Im Helmi,  local malay guy from Kuala Lumpur. if youre looking for tourist guide in kuala lumpur or maybe looking for a local friends please feel free to contact me.
thanks!

i am Iban. There are few of us in this world! Please do ask me questions if you are curious. glad to help whenever i can.

Yehaa.. another Rotary member here too!..

Cvco,
What u say has truth in it. Malaysian is reserved and scared of the unknown and definately language is a barrier. Sometimes in their head, foreigners are considered bad, criminals or has devious intention. Well, even some Malaysians are not 'angels' too.
Only few malaysians whom travel abroad or lives in big cities can tolerate and be open to expats. Definately not all coz those in the big cities are from smaller states and from reserved family background.

Usually its best to get some info from friends that can do referrals, office colleagues and Tourist Information centers (sounds lame but start asking the questions will lead to a long conversation). Another good source, ask a local hotel's reception, concierge. Surely its a 1 question and 1 answer thinggy but its an ice breaker and things could be better from there.
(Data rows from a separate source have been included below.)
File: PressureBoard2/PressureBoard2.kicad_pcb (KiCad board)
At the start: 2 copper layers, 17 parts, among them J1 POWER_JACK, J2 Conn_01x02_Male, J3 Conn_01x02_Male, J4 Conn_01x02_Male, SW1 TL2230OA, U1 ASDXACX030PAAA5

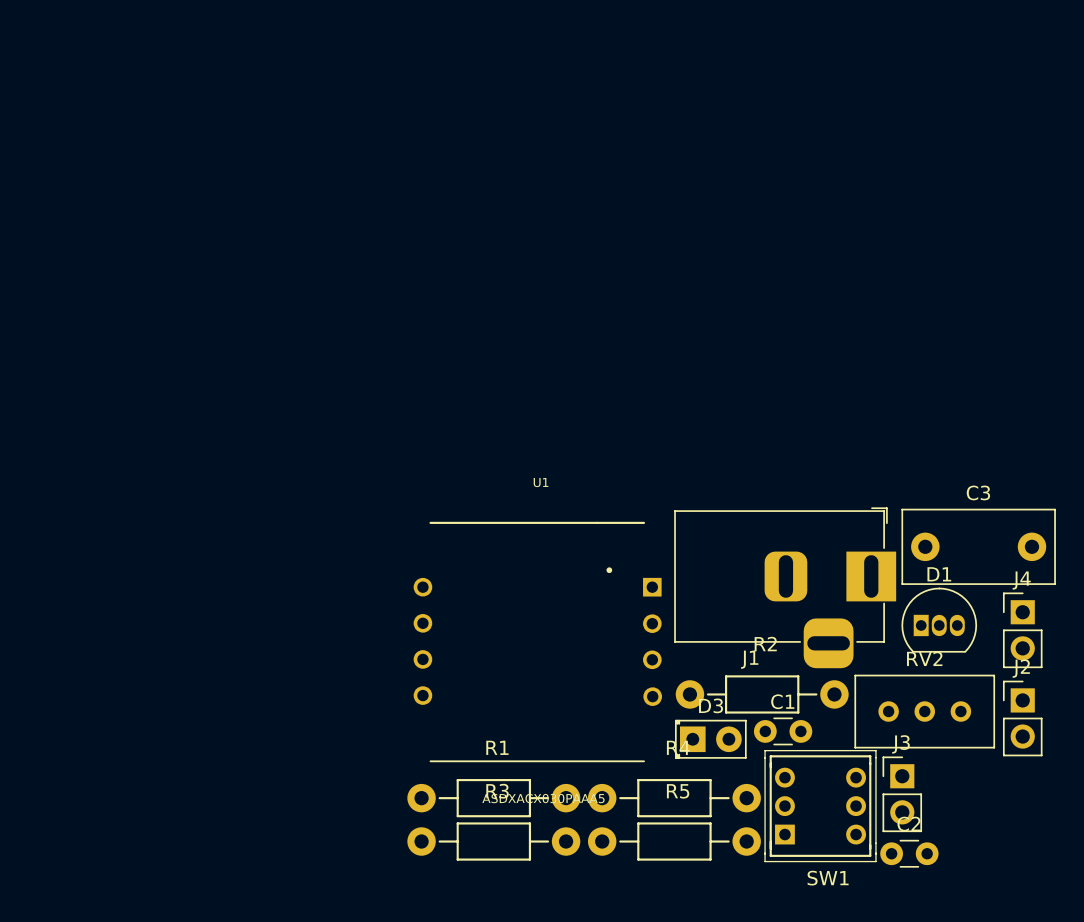
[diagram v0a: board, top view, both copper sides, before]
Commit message: PCVBV1
Agrego versión de PCB con ruteo y llenado de zonas de cobre.
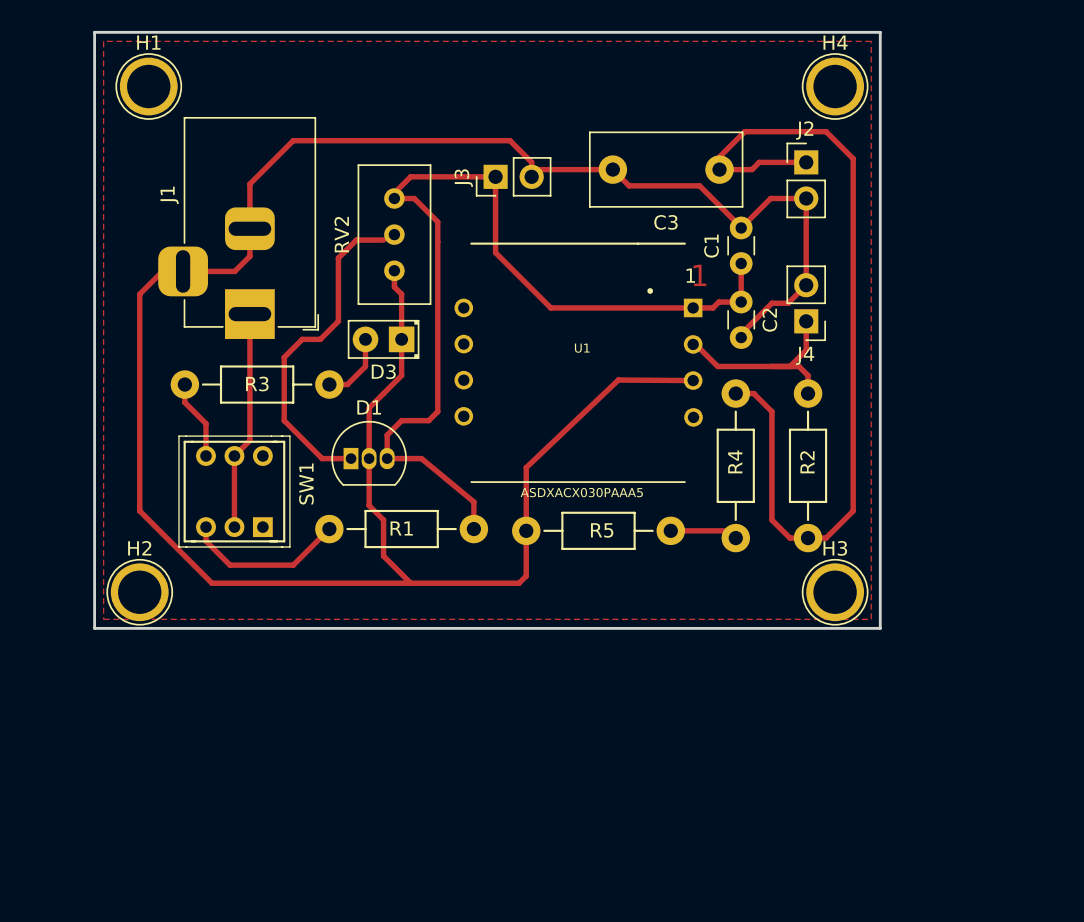
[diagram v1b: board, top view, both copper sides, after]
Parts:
- added H1: 1pin, Connect:1pin, F.Cu at (101.6, 69.8)
- added H2: 1pin, Connect:1pin, F.Cu at (101.0, 105.4)
- added H3: 1pin, Connect:1pin, F.Cu at (149.9, 105.4)
- added H4: 1pin, Connect:1pin, F.Cu at (149.9, 69.8)
- J1: value POWER_JACK -> Barrel_Jack_Switch
- R3: value 560 -> 1k
- moved RV2 53.7 mm to (118.9, 77.7), turned to 90 degrees
- moved J3 50.9 mm to (126.0, 76.2), turned to 90 degrees
- moved J1 47.4 mm to (108.7, 85.9), turned to 270 degrees
- moved SW1 42.8 mm to (111.1, 100.3), turned to 90 degrees
- moved D1 41.8 mm to (115.8, 96.0)
- moved J2 40.8 mm to (147.8, 75.2)
- moved C2 40.2 mm to (143.3, 85.0), turned to 270 degrees
- moved D3 34.8 mm to (119.4, 87.6), turned to 180 degrees
- moved C1 32.9 mm to (143.3, 82.3), turned to 90 degrees
- moved R3 32.8 mm to (114.3, 90.8), turned to 180 degrees
- moved C3 30.2 mm to (141.7, 75.7), turned to 180 degrees
- moved J4 25.5 mm to (147.8, 86.4), turned to 180 degrees
- moved R5 22.5 mm to (128.1, 101.1)
- moved R4 20.6 mm to (142.9, 101.6), turned to 90 degrees
- moved U1 19.8 mm to (132.1, 88.9)
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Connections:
- J1 pad 1: (no net) -> Net-(J1-Pad1)
- J1 pad 2: (no net) -> GND
- J1 pad 3: (no net) -> GND
- SW1 pad 2: Net-(J1-PadPWR) -> Net-(J1-Pad1)
- SW1 pad 5: Net-(J1-PadPWR) -> Net-(J1-Pad1)
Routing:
- net GND: track 0.00 -> 162.0 mm
- net VCC: track 0.00 -> 67.1 mm
- net Net-(C3-Pad1): track 0.00 -> 60.0 mm
- net Net-(D1-Pad1): track 0.00 -> 23.3 mm
- net Net-(J1-Pad1): track 0.00 -> 15.4 mm
- net Net-(J4-Pad1): track 0.00 -> 15.2 mm
- net Net-(R1-Pad2): track 0.00 -> 11.4 mm
- net Net-(R3-Pad2): track 0.00 -> 5.64 mm
- net Net-(D3-Pad2): track 0.00 -> 4.97 mm
- net Net-(R4-Pad1): track 0.00 -> 4.78 mm
- added copper zone on B.Cu, net GND
- added copper zone on F.Cu, net VCC
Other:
- board outline added: 55.2 x 41.9 mm
- net class PressureBoard added: clearance 0.2, trace_width 0.3048, via_dia 1.905, via_drill 0.3
- rule pad_to_mask_clearance: 0.051 -> 0
- board text added: "1"

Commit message: PCB_V3
Agrego correcciones en footprints del ASDX, Switch DPDT  y modificaciones en ruteo.
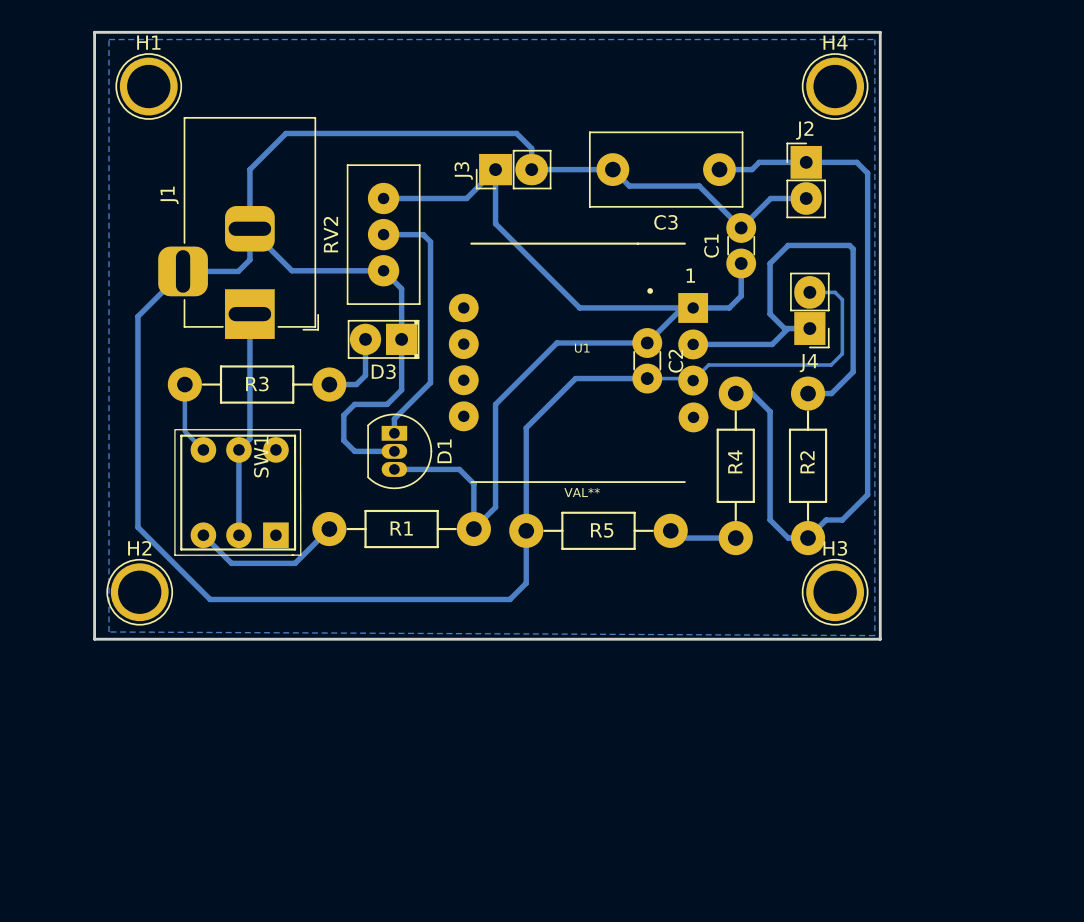
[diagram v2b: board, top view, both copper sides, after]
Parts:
- U1: value ASDXACX030PAAA5 -> VAL**
- moved C2 7.21 mm to (136.7, 87.9)
- moved SW1 3.70 mm to (108.0, 98.4)
- moved D1 3.53 mm to (118.9, 94.2), turned to 270 degrees
- moved RV2 0.76 mm to (118.1, 77.7)
- moved J4 0.57 mm to (148.1, 86.9)
- moved J3 0.51 mm to (126.0, 75.7)
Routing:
- net Net-(J4-Pad1): track 15.2 -> 32.8 mm
- net GND: track 162.0 -> 177.5 mm
- net Net-(C3-Pad1): track 60.0 -> 52.8 mm
- net Net-(D1-Pad1): track 23.3 -> 18.0 mm
- net VCC: track 67.1 -> 71.7 mm
- net Net-(R4-Pad1): track 4.78 -> 5.50 mm
- net Net-(R3-Pad2): track 5.64 -> 5.14 mm
- removed copper zone on F.Cu, net VCC
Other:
- board size 55.2 x 41.9 mm -> 55.2 x 42.7 mm
- net class PressureBoard: trace_width 0.3048 -> 0.3148

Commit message: Se mejoro el Layout
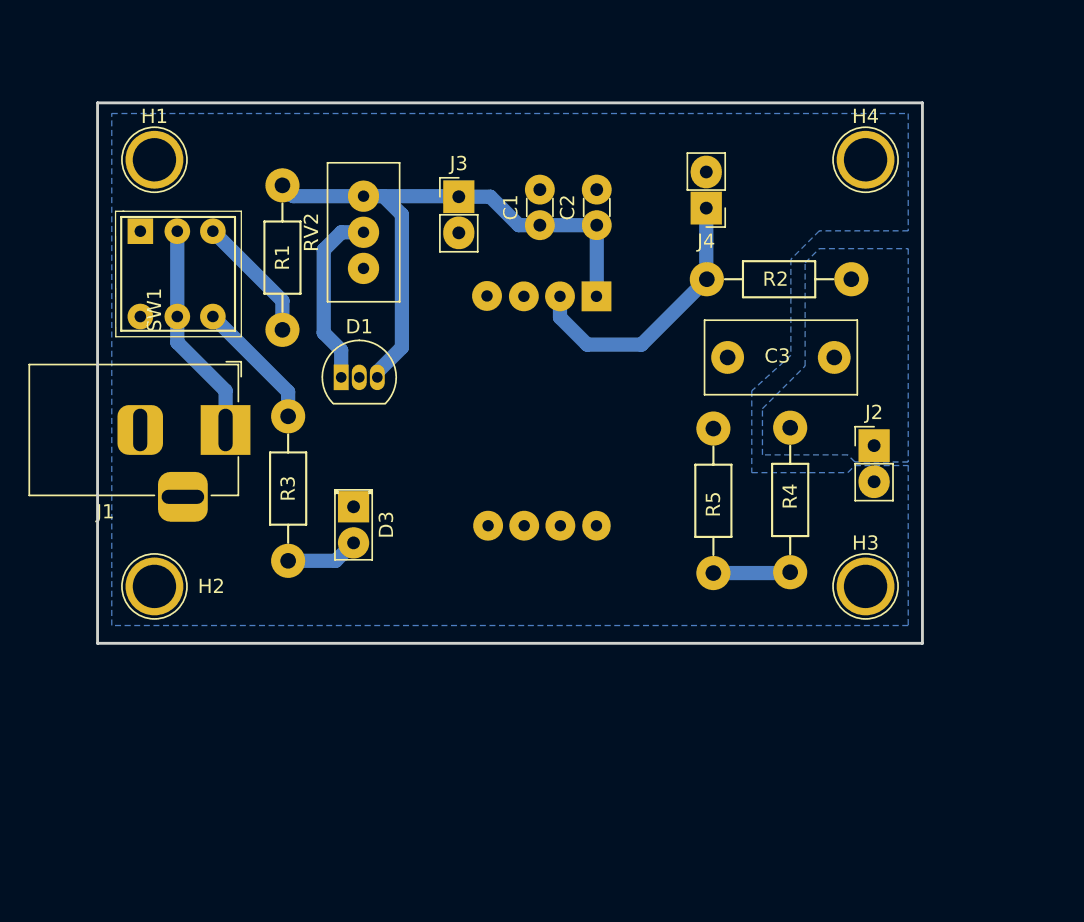
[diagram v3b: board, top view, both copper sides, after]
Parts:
- U1: moved to B.Cu
- moved R1 27.7 mm to (111.0, 76.8), turned to 270 degrees
- moved J2 20.5 mm to (152.6, 95.1)
- moved R2 18.5 mm to (151.0, 83.4), turned to 180 degrees
- moved SW1 16.0 mm to (103.6, 83.0), turned to 270 degrees
- moved C3 15.5 mm to (149.8, 88.9)
- moved R5 15.0 mm to (141.3, 93.9), turned to 270 degrees
- moved C1 14.4 mm to (129.1, 79.6)
- moved R3 12.7 mm to (111.4, 103.2), turned to 90 degrees
- moved D3 12.2 mm to (116.0, 99.4), turned to 270 degrees
- moved J4 11.2 mm to (140.8, 78.4)
- moved C2 9.01 mm to (133.1, 79.6), turned to 90 degrees
- moved J1 8.33 mm to (107.0, 94.0), turned to 0 degrees
- moved H4 5.58 mm to (152.0, 75.0)
- moved D1 5.43 mm to (115.1, 90.3), turned to 0 degrees
- moved H1 5.17 mm to (102.0, 75.0)
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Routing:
- net GND: track 177.5 -> 0.00 mm
- net Net-(C3-Pad1): track 52.8 -> 0.00 mm
- net VCC: track 71.7 -> 42.3 mm
- net Net-(J4-Pad1): track 32.8 -> 19.5 mm
- net Net-(D1-Pad1): track 18.0 -> 12.8 mm
- net Net-(R3-Pad2): track 5.14 -> 9.21 mm
- net Net-(R1-Pad2): track 11.7 -> 8.96 mm
- added copper zone on B.Cu, net Net-(C3-Pad1)
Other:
- board size 55.2 x 42.7 mm -> 58 x 38 mm
- net class Default: trace_width 0.25 -> 1
- net class PressureBoard: trace_width 0.3148 -> 0.381
- board text removed: "1"

Ive written a lot about friends in here and will just say i never had any problem meeting lots of people. That aspect has always been ok all through Malaysia.

meeting friends here is DEFINETLY hard, I have been two years here, and never have ANY local friends, all my friends are foreigners...as other said here, I find its easier to make friends with foreigner, with Malaysian like WOW, so hard, and needs like huge efforts and plans in order to do so

I am Arab and I don't know if thats a disadvantage, I feel so, Malaysian seems don't think making friends with arab is any good thing

I am still searching to expand my social cricle

JuneAziz is organizing a meet up. Hope it helps.

Since some of us are alone here why don't we organise a trip to Penang war meseum next week Sunday. Anyone interested?.I will be alone and have a meet up with you guys bunch of stranger ;). By the way i am local from penang

I am in staying in Malaysia almost 5 years but I got very few friends near my place that to myself housewife its very hard to get friends even neighbours also won't be friendly they never talk  sometimes I feel loneliness of staying here and to talk to local people language  problem most of them do know english

Making friend with locals is hard..I have feeling that even among malaysians from different ethnic is not easy to make friends..like Malaysian chinese being friend with Malay? I don't really see that

unless you know malay, or chinese...I don't know these language, so I havn't tried this

I do know why they do like that I think mostly its a language problem but any way I think even you also facing this problem I hope you are a student so you can get more friends soon

social media . it's simple

very nice to know that i can make friends and share experience with people I have loved since my childhood,although i m readin g that its hard to make friends with locals I had a primary school teacher who was Malay and i think shes the kindest, friendliest person I know so I am surprised to read here that shes a one-off

Hello
I am an agronomic engineer and I want to find job in malaysia.I have been there twice for tourism and my next trip will be next October.
I think it is a litlle bit difficult to find a job there if you are not working in oil ,gaz or IT field. Moreover local companies require chinese or bahasha malaysia .
Can  someone help me please!!!

Hello everyone here. As a local the best tips to make friend is to address that person humourly...when addressing to older man try caling him "uncle" ...older woman "aunty". Raise ur hand a bit n nod slightly. this can be use for any race here. If u go to any convinience or local shop call the elder guy " abang" , elder gurl "akak"...if they are younger than u then call them "adik".  Learn few basic words...apa khabar(how r u), sihat?(doing good tday), sudah makan?(have u eat yet?)...try order foods in malay. Not all can speak good english. Some just shy. This is how my ex husband wons his local friend's heart. Go beyond ur social status/level. Get urself comfortable with the community around u. Dont just mix around with ur own kind.